Arlo Guthrie Biography

Arlo Davy Guthrie, the son of folk pioneer Woody Guthrie, is an American folk singer known for his powerful music that protests against social injustice. His sarcastic blues song, ‘Alice’s Restaurant Massacree’, became a Thanksgiving anthem in the United States. Additionally, his song ‘Massachusetts’ was adopted as the official folk song of the Commonwealth of Massachusetts. Arlo’s passion for music was ignited at a young age, and he quickly realized that it was his life’s calling. By the mid-1960s, he had become an icon of the counterculture generation and achieved great success in the late 1960s and early 1970s with albums like ‘Arlo’ and ‘Running down the Road’. Arlo Guthrie’s impact on folk music is so significant that he even created his own recording label, Rising Son Records, in 1983. He believes in passing on the values of folk music to future generations, just like many other folk musicians.

Quick Facts

  • Also Known As: Arlo Davy Guthrie
  • Age: 76 Years, 76 Year Old Males
  • Family:
    • Spouse/Ex-: Jackie Guthrie
    • Father: Woody Guthrie
    • Mother: Marjorie Guthrie
    • Siblings: Nora Guthrie
    • Children: Abe Guthrie, Annie Guthrie, Cathy Guthrie, Sarah Lee Guthrie
  • Born Country: United States
  • Musicians
  • Folk Singers
  • Height: 6’0″ (183 cm), 6’0″ Males
  • Ancestry: Ukrainian American
  • U.S. State: New Yorkers

Childhood & Early Life

Arlo Davy Guthrie was born on July 10, 1947, in Brooklyn, New York, to folk singer and composer Woody Guthrie and Marjorie Mazia Guthrie.
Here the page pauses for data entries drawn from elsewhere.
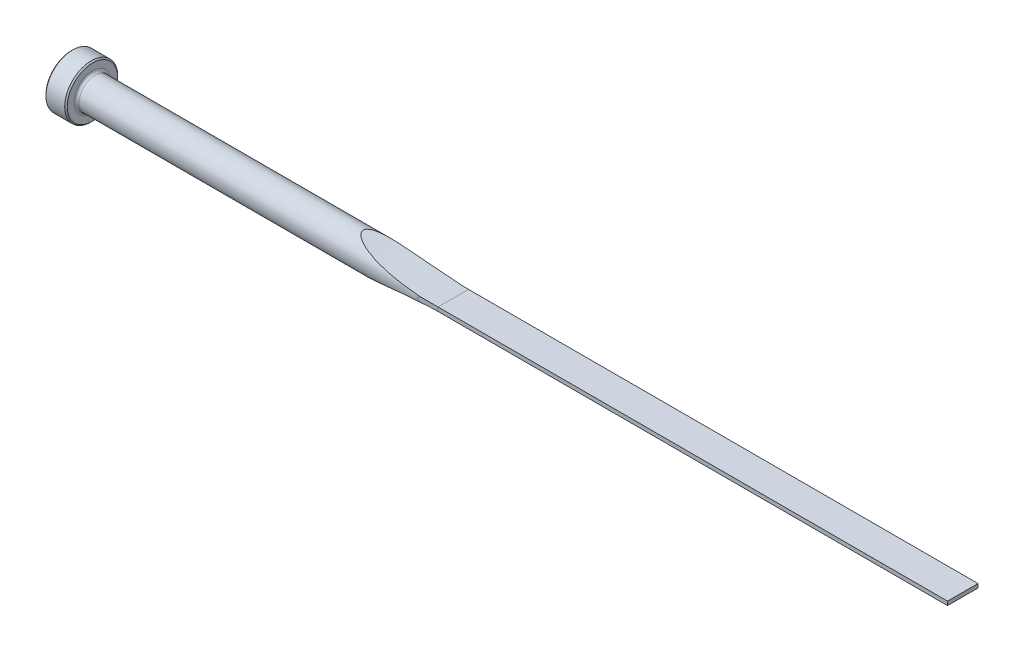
ISO-10303-21;
HEADER;
FILE_DESCRIPTION(('STEP AP214'),'2;1');
FILE_NAME('part.step','',(''),(''),'','','');
FILE_SCHEMA(('AUTOMOTIVE_DESIGN { 1 0 10303 214 1 1 1 1 }'));
ENDSEC;
DATA;
#1=APPLICATION_CONTEXT('core data for automotive mechanical design processes');
#2=APPLICATION_PROTOCOL_DEFINITION('international standard','automotive_design',2000,#1);
#3=PRODUCT_CONTEXT('',#1,'mechanical');
#4=PRODUCT('Part','Part','',(#3));
#5=PRODUCT_RELATED_PRODUCT_CATEGORY('part','',(#4));
#6=PRODUCT_DEFINITION_FORMATION('','',#4);
#7=PRODUCT_DEFINITION_CONTEXT('part definition',#1,'design');
#8=PRODUCT_DEFINITION('design','',#6,#7);
#9=PRODUCT_DEFINITION_SHAPE('','',#8);
#10=(LENGTH_UNIT() NAMED_UNIT(*) SI_UNIT(.MILLI.,.METRE.));
#11=(NAMED_UNIT(*) PLANE_ANGLE_UNIT() SI_UNIT($,.RADIAN.));
#12=(NAMED_UNIT(*) SI_UNIT($,.STERADIAN.) SOLID_ANGLE_UNIT());
#13=UNCERTAINTY_MEASURE_WITH_UNIT(LENGTH_MEASURE(1.E-05),#10,'distance_accuracy_value','');
#14=(GEOMETRIC_REPRESENTATION_CONTEXT(3) GLOBAL_UNCERTAINTY_ASSIGNED_CONTEXT((#13)) GLOBAL_UNIT_ASSIGNED_CONTEXT((#10,
#11,#12)) REPRESENTATION_CONTEXT('',''));
#15=CARTESIAN_POINT('',(0.,0.,0.));
#16=DIRECTION('',(0.,0.,1.));
#17=DIRECTION('',(1.,0.,0.));
#18=AXIS2_PLACEMENT_3D('',#15,#16,#17);
#19=CARTESIAN_POINT('',(0.,0.,0.));
#20=DIRECTION('',(-1.,0.,0.));
#21=DIRECTION('',(0.,0.,1.));
#22=AXIS2_PLACEMENT_3D('',#19,#20,#21);
#23=CYLINDRICAL_SURFACE('',#22,4.7625);
#24=CARTESIAN_POINT('',(7.112,0.,0.));
#25=DIRECTION('',(-1.,0.,0.));
#26=DIRECTION('',(0.,0.,1.));
#27=AXIS2_PLACEMENT_3D('',#24,#25,#26);
#28=CIRCLE('',#27,4.7625);
#29=CARTESIAN_POINT('',(7.112,0.,4.7625));
#30=VERTEX_POINT('',#29);
#31=EDGE_CURVE('E153',#30,#30,#28,.F.);
#32=ORIENTED_EDGE('',*,*,#31,.T.);
#33=EDGE_LOOP('',(#32));
#34=FACE_BOUND('',#33,.T.);
#35=CARTESIAN_POINT('',(114.3,1.37629566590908,4.55929999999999));
#36=CARTESIAN_POINT('',(114.100243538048,1.37627017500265,4.55929946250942));
#37=CARTESIAN_POINT('',(113.900483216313,1.37406392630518,4.55997325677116));
#38=CARTESIAN_POINT('',(113.501024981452,1.36511039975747,4.56266611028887));
#39=CARTESIAN_POINT('',(113.301327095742,1.35836200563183,4.56468550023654));
#40=CARTESIAN_POINT('',(112.900347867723,1.34006170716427,4.57009060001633));
#41=CARTESIAN_POINT('',(112.699068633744,1.32846669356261,4.57348856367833));
#42=CARTESIAN_POINT('',(112.296928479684,1.30007175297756,4.58164172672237));
#43=CARTESIAN_POINT('',(112.096067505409,1.28327254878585,4.58639673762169));
#44=CARTESIAN_POINT('',(111.696176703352,1.24395343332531,4.59721659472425));
#45=CARTESIAN_POINT('',(111.497143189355,1.22146913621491,4.60327325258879));
#46=CARTESIAN_POINT('',(111.099904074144,1.16973426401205,4.6166926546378));
#47=CARTESIAN_POINT('',(110.90169881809,1.1404811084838,4.62405589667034));
#48=CARTESIAN_POINT('',(110.507485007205,1.07370926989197,4.640013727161));
#49=CARTESIAN_POINT('',(110.311471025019,1.03622172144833,4.64860363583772));
#50=CARTESIAN_POINT('',(109.921964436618,0.950234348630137,4.66695416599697));
#51=CARTESIAN_POINT('',(109.728469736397,0.901744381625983,4.67671373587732));
#52=CARTESIAN_POINT('',(109.489568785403,0.830609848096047,4.68952997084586));
#53=CARTESIAN_POINT('',(109.441796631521,0.815810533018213,4.69213189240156));
#54=CARTESIAN_POINT('',(109.346645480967,0.784967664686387,4.69739068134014));
#55=CARTESIAN_POINT('',(109.29926657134,0.768923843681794,4.70004756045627));
#56=CARTESIAN_POINT('',(109.157175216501,0.71840494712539,4.70812874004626));
#57=CARTESIAN_POINT('',(109.063234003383,0.681752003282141,4.71362458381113));
#58=CARTESIAN_POINT('',(108.877534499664,0.599731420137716,4.72477713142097));
#59=CARTESIAN_POINT('',(108.785820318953,0.554256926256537,4.73043499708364));
#60=CARTESIAN_POINT('',(108.654614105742,0.476034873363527,4.73871868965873));
#61=CARTESIAN_POINT('',(108.612099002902,0.448424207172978,4.7414354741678));
#62=CARTESIAN_POINT('',(108.530424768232,0.388667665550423,4.74670987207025));
#63=CARTESIAN_POINT('',(108.491254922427,0.35653721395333,4.74926798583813));
#64=CARTESIAN_POINT('',(108.434384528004,0.301094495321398,4.75301502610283));
#65=CARTESIAN_POINT('',(108.414664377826,0.279884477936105,4.75432176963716));
#66=CARTESIAN_POINT('',(108.378171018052,0.235020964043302,4.75675058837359));
#67=CARTESIAN_POINT('',(108.361393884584,0.211370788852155,4.75787290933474));
#68=CARTESIAN_POINT('',(108.336135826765,0.16808537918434,4.75956809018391));
#69=CARTESIAN_POINT('',(108.326635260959,0.149056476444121,4.76020769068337));
#70=CARTESIAN_POINT('',(108.31078402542,0.109713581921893,4.76127659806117));
#71=CARTESIAN_POINT('',(108.304429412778,0.0894012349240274,4.76170616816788));
#72=CARTESIAN_POINT('',(108.295545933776,0.0476995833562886,4.76230708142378));
#73=CARTESIAN_POINT('',(108.293058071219,0.0263011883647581,4.76247565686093));
#74=CARTESIAN_POINT('',(108.292412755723,-0.0165581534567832,4.76251936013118));
#75=CARTESIAN_POINT('',(108.294253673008,-0.0380190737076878,4.76239459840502));
#76=CARTESIAN_POINT('',(108.30142234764,-0.0771509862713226,4.76190953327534));
#77=CARTESIAN_POINT('',(108.306214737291,-0.0949256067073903,4.76158540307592));
#78=CARTESIAN_POINT('',(108.318318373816,-0.129583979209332,4.76076832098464));
#79=CARTESIAN_POINT('',(108.325631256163,-0.146467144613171,4.76027525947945));
#80=CARTESIAN_POINT('',(108.347823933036,-0.190109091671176,4.75878258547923));
#81=CARTESIAN_POINT('',(108.364497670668,-0.21594512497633,4.75766444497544));
#82=CARTESIAN_POINT('',(108.401515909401,-0.264813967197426,4.75519504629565));
#83=CARTESIAN_POINT('',(108.421871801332,-0.287837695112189,4.75384306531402));
#84=CARTESIAN_POINT('',(108.486246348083,-0.353109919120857,4.74959319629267));
#85=CARTESIAN_POINT('',(108.5337556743,-0.391849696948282,4.74648889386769));
#86=CARTESIAN_POINT('',(108.633252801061,-0.462955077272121,4.74007706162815));
#87=CARTESIAN_POINT('',(108.685255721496,-0.495297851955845,4.73676885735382));
#88=CARTESIAN_POINT('',(108.832460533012,-0.57848482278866,4.72754240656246));
#89=CARTESIAN_POINT('',(108.930312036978,-0.624585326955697,4.72156110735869));
#90=CARTESIAN_POINT('',(109.129656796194,-0.708279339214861,4.70972175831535));
#91=CARTESIAN_POINT('',(109.231158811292,-0.745850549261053,4.70386406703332));
#92=CARTESIAN_POINT('',(109.437175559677,-0.815246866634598,4.69233729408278));
#93=CARTESIAN_POINT('',(109.54170965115,-0.847014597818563,4.68667050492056));
#94=CARTESIAN_POINT('',(109.751931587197,-0.905852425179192,4.67565197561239));
#95=CARTESIAN_POINT('',(109.857617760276,-0.93292855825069,4.67029983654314));
#96=CARTESIAN_POINT('',(110.147207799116,-1.00180171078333,4.65615804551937));
#97=CARTESIAN_POINT('',(110.331993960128,-1.03994988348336,4.64770520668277));
#98=CARTESIAN_POINT('',(110.703115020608,-1.10820041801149,4.63190013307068));
#99=CARTESIAN_POINT('',(110.889450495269,-1.13829964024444,4.62454832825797));
#100=CARTESIAN_POINT('',(111.263496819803,-1.19209136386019,4.61097562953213));
#101=CARTESIAN_POINT('',(111.451209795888,-1.21576959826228,4.60475726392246));
#102=CARTESIAN_POINT('',(111.827286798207,-1.25764094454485,4.5934961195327));
#103=CARTESIAN_POINT('',(112.015650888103,-1.27583350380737,4.58845345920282));
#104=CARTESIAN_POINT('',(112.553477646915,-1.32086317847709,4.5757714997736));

His mother was a professional dancer with the Martha Graham Company and his sister, Nora Guthrie, is a record producer. Arlo’s maternal grandmother was the famous poet Aliza Greenblatt. Despite his parents’ divorce when he was young, Arlo remained close to his father, who gifted him a guitar on his sixth birthday. He attended Woodward School in Brooklyn and graduated from the Stockbridge School in Massachusetts in 1965. He briefly attended Rocky Mountain College in Montana.

Career

After his father’s death in 1967, Arlo’s close friends, including Cisco Houston, Leadbelly, and Pete Seeger, played an active role in his life and career. He regularly performed with Seeger. In 1965, Arlo was arrested for illegally dumping garbage on private property, which became the basis for his song “Alice’s Restaurant Massacree.” He signed a deal with Warner Brothers and released the album “Alice’s Restaurant” in 1967, which became popular among college students and counterculture radio stations. He released several more albums, including “Arlo” in 1968 and “Running Down the Road” in 1969. He also appeared in the film version of “Alice’s Restaurant” in 1969, which received acclaim.

In 1970, Arlo released the album “Washington County,” followed by “Hobo’s Lullaby” in 1972. His song “The City of New Orleans” became his only Top 40 hit in 1972. Despite his success, Arlo preferred singing and songwriting to acting, although he made appearances in films and TV shows throughout his career.

Personal Life

Arlo Guthrie was married to Jackie Hyde for 43 years until her death in 2012. They had four children, all of whom are musicians. In 1991, Arlo purchased the old Trinity Church and founded the Guthrie Center to honor the legacy of his parents. The Guthrie Foundation aims to promote education, preserve culture, and meet the needs of the community. Arlo has been politically active throughout his life, advocating for causes such as anti-war efforts and making nuclear power illegal. He campaigned for George McGovern in 1984 and was a registered Republican in 2008.

Major Works

Arlo Guthrie’s song “Alice’s Restaurant Massacree” from his debut album “Alice’s Restaurant” made him famous and a youth icon of the 1960s counterculture scene. His album “Amigo” in 1976 received a 5-star rating from Rolling Stone. Another successful work is his single “City of New Orleans,” a lyrical poem about a train ride, which he embarked on to raise money for musicians affected by hurricanes.